**Problem**
Go through the records below and count every line containing "vias". Reply with the count alone.

**Input records**
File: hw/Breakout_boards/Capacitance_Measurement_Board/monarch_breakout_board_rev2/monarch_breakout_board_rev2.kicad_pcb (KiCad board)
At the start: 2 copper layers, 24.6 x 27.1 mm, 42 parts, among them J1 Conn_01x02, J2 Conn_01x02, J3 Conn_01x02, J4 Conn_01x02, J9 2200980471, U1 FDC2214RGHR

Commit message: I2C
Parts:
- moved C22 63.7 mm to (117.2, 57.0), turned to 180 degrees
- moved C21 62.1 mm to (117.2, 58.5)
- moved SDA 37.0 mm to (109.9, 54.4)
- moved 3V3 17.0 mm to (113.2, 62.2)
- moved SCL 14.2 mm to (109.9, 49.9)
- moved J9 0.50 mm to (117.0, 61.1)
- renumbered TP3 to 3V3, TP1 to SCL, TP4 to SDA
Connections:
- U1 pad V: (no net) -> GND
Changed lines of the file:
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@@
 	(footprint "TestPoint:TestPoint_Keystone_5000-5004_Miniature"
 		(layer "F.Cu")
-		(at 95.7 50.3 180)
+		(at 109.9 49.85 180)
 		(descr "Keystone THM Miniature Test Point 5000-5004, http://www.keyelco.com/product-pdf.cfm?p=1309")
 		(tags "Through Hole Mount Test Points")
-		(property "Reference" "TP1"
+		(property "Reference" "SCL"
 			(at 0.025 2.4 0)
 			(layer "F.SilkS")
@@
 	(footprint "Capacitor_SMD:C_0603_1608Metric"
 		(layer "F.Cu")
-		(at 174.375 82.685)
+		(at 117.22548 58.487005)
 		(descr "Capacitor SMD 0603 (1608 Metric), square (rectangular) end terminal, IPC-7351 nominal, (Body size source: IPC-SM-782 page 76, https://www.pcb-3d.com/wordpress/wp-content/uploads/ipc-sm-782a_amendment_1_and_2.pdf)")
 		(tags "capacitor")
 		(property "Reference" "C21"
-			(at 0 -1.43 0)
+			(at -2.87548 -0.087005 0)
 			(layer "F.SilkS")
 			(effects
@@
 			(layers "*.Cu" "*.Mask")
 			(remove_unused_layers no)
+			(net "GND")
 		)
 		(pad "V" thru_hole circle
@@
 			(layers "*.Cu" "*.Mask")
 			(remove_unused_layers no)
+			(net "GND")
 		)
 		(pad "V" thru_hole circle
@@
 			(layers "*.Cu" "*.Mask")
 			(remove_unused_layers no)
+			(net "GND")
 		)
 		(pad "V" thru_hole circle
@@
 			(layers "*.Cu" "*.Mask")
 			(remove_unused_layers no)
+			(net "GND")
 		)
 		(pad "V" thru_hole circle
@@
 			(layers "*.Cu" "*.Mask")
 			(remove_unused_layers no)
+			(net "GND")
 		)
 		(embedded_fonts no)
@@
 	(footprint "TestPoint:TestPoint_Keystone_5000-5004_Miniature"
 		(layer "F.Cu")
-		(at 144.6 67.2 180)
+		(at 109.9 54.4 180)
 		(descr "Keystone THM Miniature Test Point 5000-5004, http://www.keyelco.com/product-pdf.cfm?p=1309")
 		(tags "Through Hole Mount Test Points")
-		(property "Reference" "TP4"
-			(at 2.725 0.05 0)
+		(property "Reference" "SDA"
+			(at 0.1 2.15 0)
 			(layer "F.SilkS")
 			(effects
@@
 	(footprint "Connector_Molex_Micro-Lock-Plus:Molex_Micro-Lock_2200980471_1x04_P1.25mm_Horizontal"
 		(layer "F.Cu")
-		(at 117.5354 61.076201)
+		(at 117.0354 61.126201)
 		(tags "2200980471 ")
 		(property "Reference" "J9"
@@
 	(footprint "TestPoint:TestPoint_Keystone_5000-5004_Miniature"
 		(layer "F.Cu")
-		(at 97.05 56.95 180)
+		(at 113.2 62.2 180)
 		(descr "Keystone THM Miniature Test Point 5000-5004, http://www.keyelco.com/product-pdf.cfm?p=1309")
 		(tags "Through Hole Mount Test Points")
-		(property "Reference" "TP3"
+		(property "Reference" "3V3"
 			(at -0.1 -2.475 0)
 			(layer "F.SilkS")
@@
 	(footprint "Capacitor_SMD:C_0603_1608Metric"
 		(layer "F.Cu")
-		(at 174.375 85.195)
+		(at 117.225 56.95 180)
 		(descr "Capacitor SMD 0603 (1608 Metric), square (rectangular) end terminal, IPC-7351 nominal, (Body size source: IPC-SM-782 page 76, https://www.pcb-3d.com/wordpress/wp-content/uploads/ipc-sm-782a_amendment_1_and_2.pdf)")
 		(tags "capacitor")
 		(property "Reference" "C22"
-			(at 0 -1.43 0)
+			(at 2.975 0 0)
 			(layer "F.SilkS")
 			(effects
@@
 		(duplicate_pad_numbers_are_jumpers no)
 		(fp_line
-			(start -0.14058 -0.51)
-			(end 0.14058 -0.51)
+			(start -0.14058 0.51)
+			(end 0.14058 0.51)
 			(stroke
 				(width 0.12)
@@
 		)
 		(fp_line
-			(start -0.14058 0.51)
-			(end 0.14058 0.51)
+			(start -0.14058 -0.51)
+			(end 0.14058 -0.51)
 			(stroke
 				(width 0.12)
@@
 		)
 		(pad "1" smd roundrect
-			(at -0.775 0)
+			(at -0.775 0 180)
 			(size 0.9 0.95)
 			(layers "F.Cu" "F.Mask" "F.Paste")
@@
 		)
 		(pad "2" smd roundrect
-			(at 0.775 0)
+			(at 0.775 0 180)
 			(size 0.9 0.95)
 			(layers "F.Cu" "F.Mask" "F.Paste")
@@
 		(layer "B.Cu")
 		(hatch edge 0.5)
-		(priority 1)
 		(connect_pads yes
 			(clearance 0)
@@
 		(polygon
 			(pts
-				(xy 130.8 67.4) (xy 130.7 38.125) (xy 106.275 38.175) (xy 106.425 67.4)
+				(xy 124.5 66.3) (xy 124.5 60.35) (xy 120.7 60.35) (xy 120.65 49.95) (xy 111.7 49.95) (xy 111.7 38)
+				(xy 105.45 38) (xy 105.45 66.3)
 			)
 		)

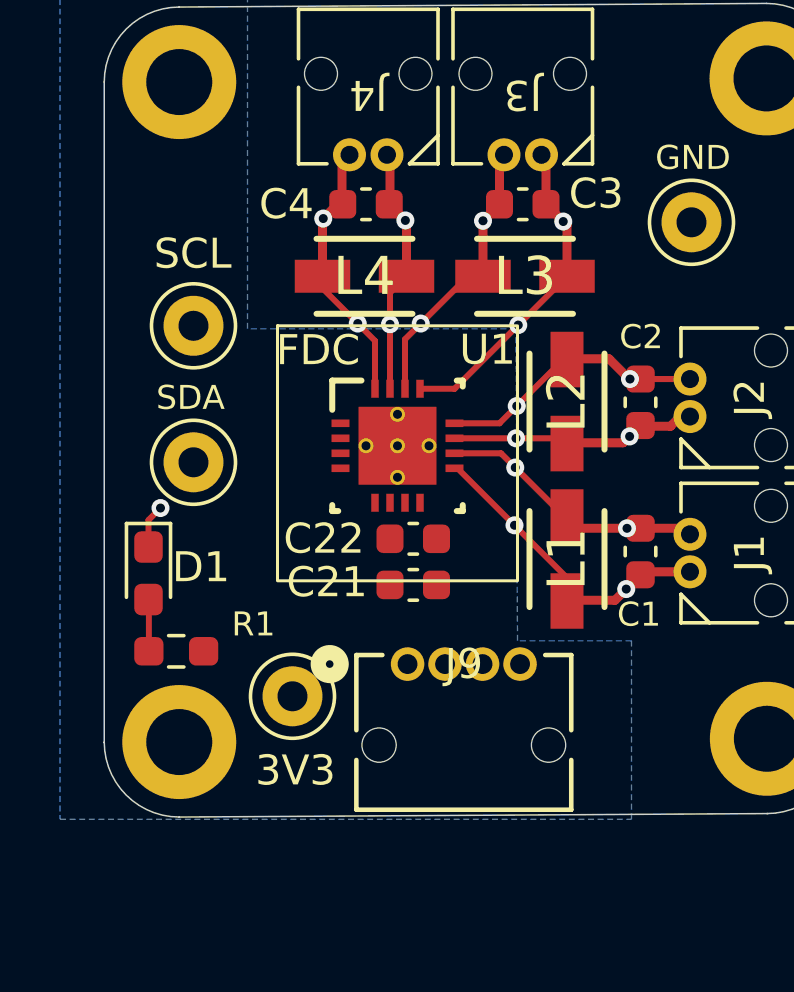
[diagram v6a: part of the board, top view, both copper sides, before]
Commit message: Back Layer Noise Caps Placed
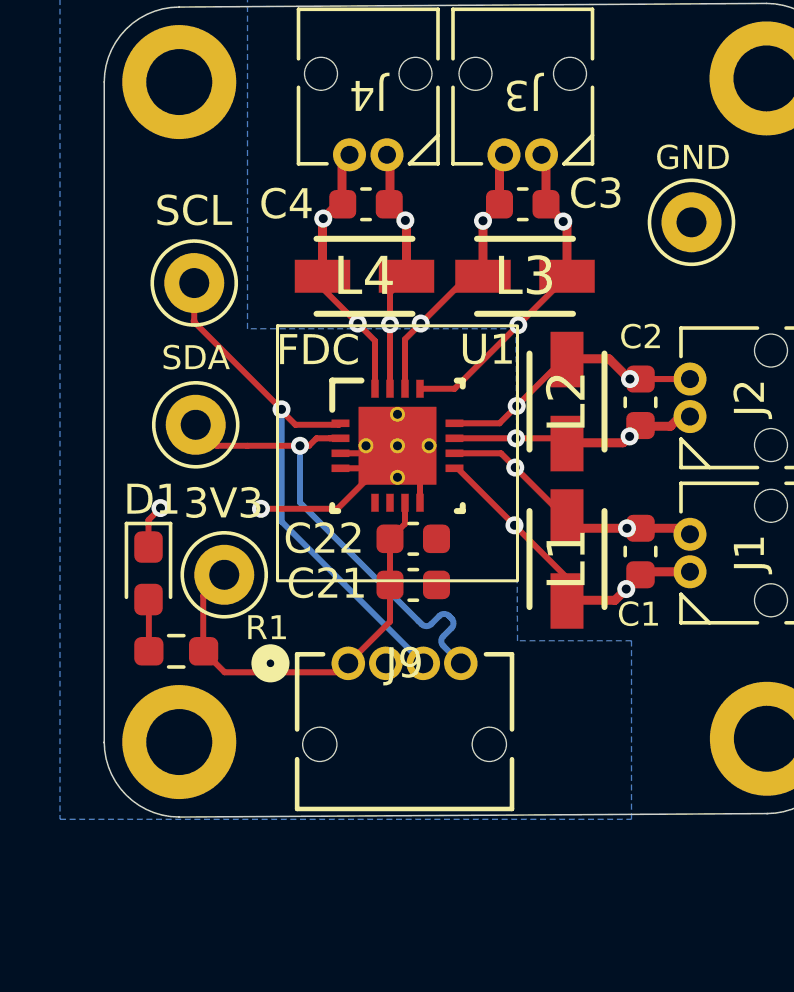
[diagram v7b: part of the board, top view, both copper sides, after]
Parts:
- moved 3V3 4.65 mm to (110.9, 58.1)
- moved J9 1.98 mm to (115.1, 61.1)
- moved SCL 1.43 mm to (109.9, 48.4)
- moved SDA 1.25 mm to (110.0, 53.1)
- turned C21 to 180 degrees
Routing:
- net /I2C4_SCL: track 0.00 -> 18.1 mm, vias 0 -> 1
- net /I2C4_SDA: track 0.00 -> 15.9 mm, vias 0 -> 1
- net +3V3: track 0.04 -> 14.3 mm
- net GND: track 1.47 -> 13.4 mm, vias 1 -> 2

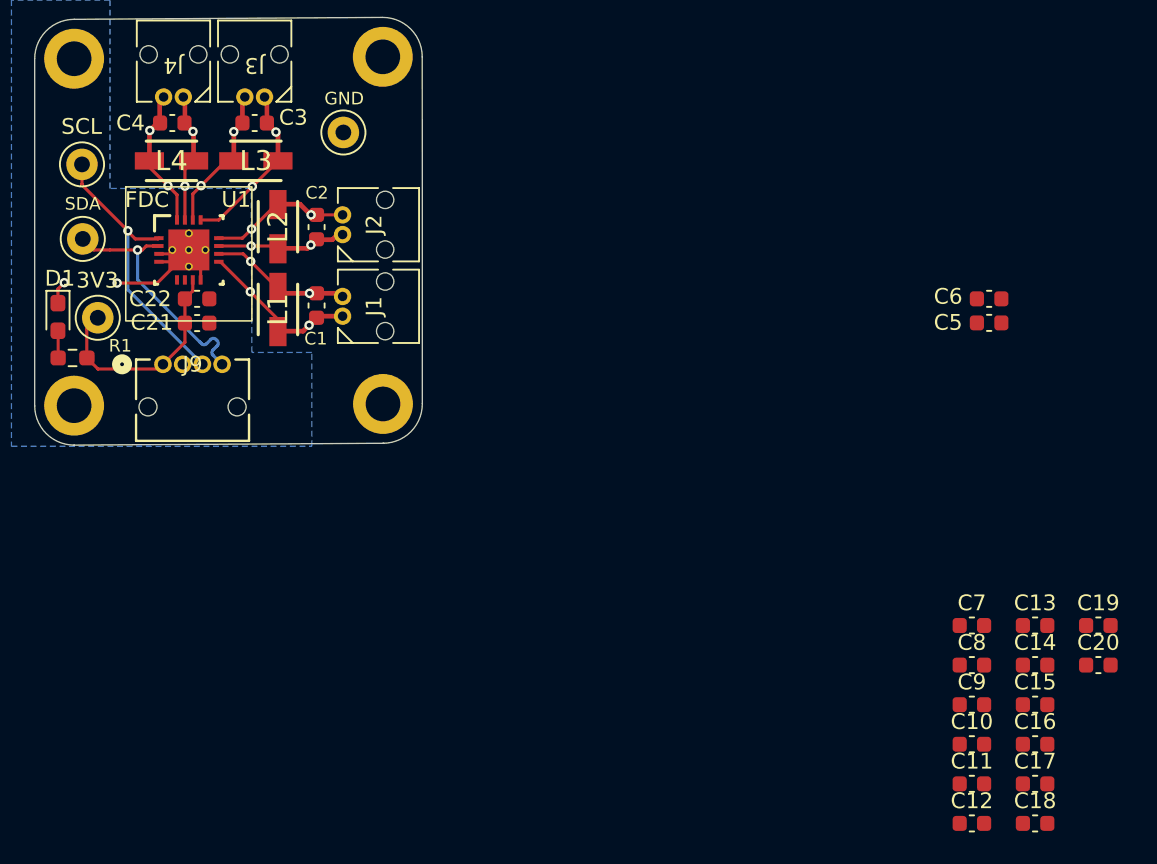
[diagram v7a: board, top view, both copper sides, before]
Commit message: Back Layer Routing Done
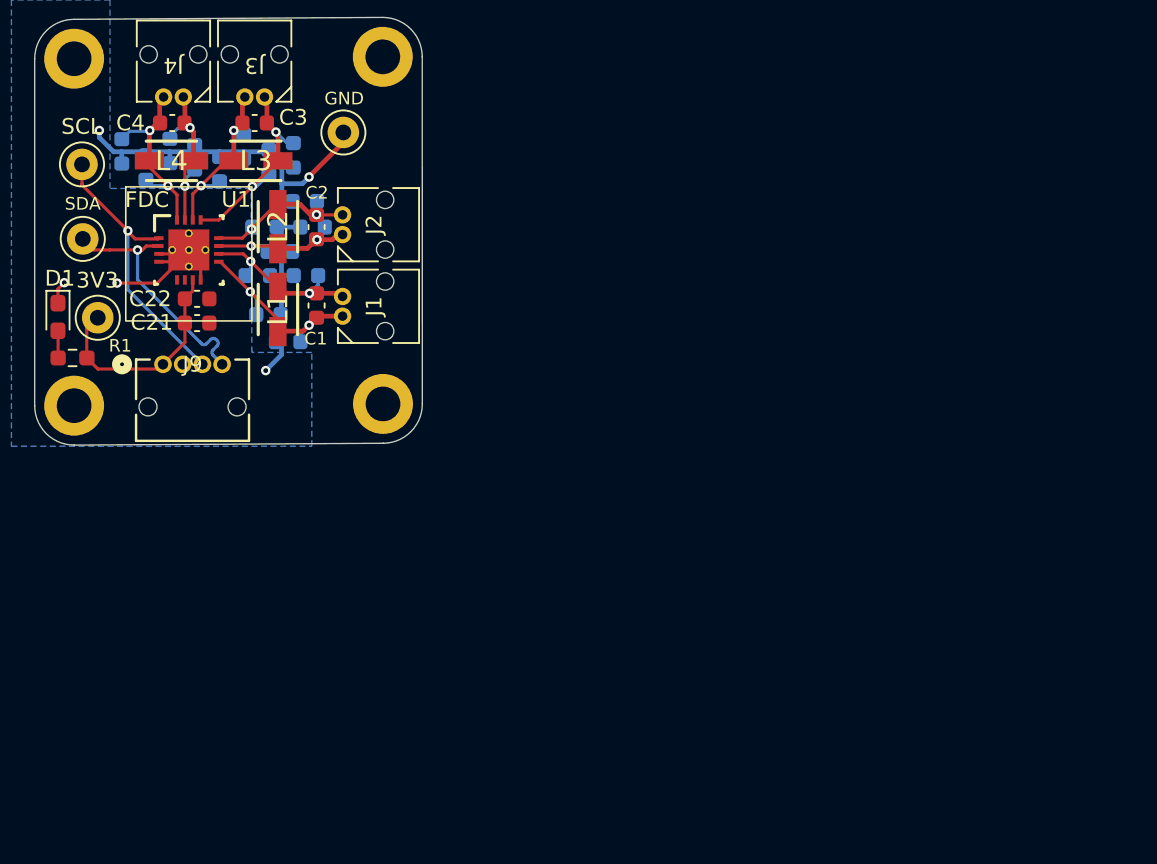
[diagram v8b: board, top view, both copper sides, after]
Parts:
- C10, C11, C12, C13, C14, C15, C16, C17, C18, C19, C20, C5, C6, C7, C8, C9: moved to B.Cu
- moved C12 68.7 mm to (112.5, 47.6), turned to 90 degrees
- moved C20 68.1 mm to (114.0, 48.6), turned to -90 degrees
- moved C18 66.3 mm to (118.7, 48.7), turned to -90 degrees
- moved C11 64.8 mm to (115.5, 47.6), turned to -90 degrees
- moved C19 64.5 mm to (117.1, 48.0), turned to 90 degrees
- moved C17 62.6 mm to (121.8, 48.3), turned to 90 degrees
- moved C10 59.7 mm to (120.2, 47.3), turned to 90 degrees
- moved C16 57.6 mm to (121.1, 55.5), turned to 180 degrees
- moved C14 56.2 mm to (121.5, 52.4), turned to 180 degrees
- moved C9 55.4 mm to (123.3, 47.9), turned to -90 degrees
- moved C15 54.5 mm to (121.8, 58.0)
- moved C13 53.4 mm to (122.5, 54.0)
- moved C8 48.9 mm to (124.1, 55.5)
- moved C7 46.9 mm to (123.0, 59.7), turned to 180 degrees
- moved C6 43.8 mm to (124.0, 50.8)
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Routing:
- net GND: track 13.4 -> 54.6 mm, vias 2 -> 5
- net /Cap3-: track 9.02 -> 12.6 mm
- net /Cap3+: track 8.32 -> 11.3 mm
- net /Cap0+: track 10.5 -> 13.4 mm
- net /Cap2+: track 10.9 -> 13.6 mm
- net /Cap0-: track 8.97 -> 11.4 mm
- net /Cap1+: track 8.32 -> 10.5 mm
- net /Cap2-: track 9.46 -> 11.5 mm
- net /Cap1-: track 9.02 -> 10.2 mm

**Solution**
4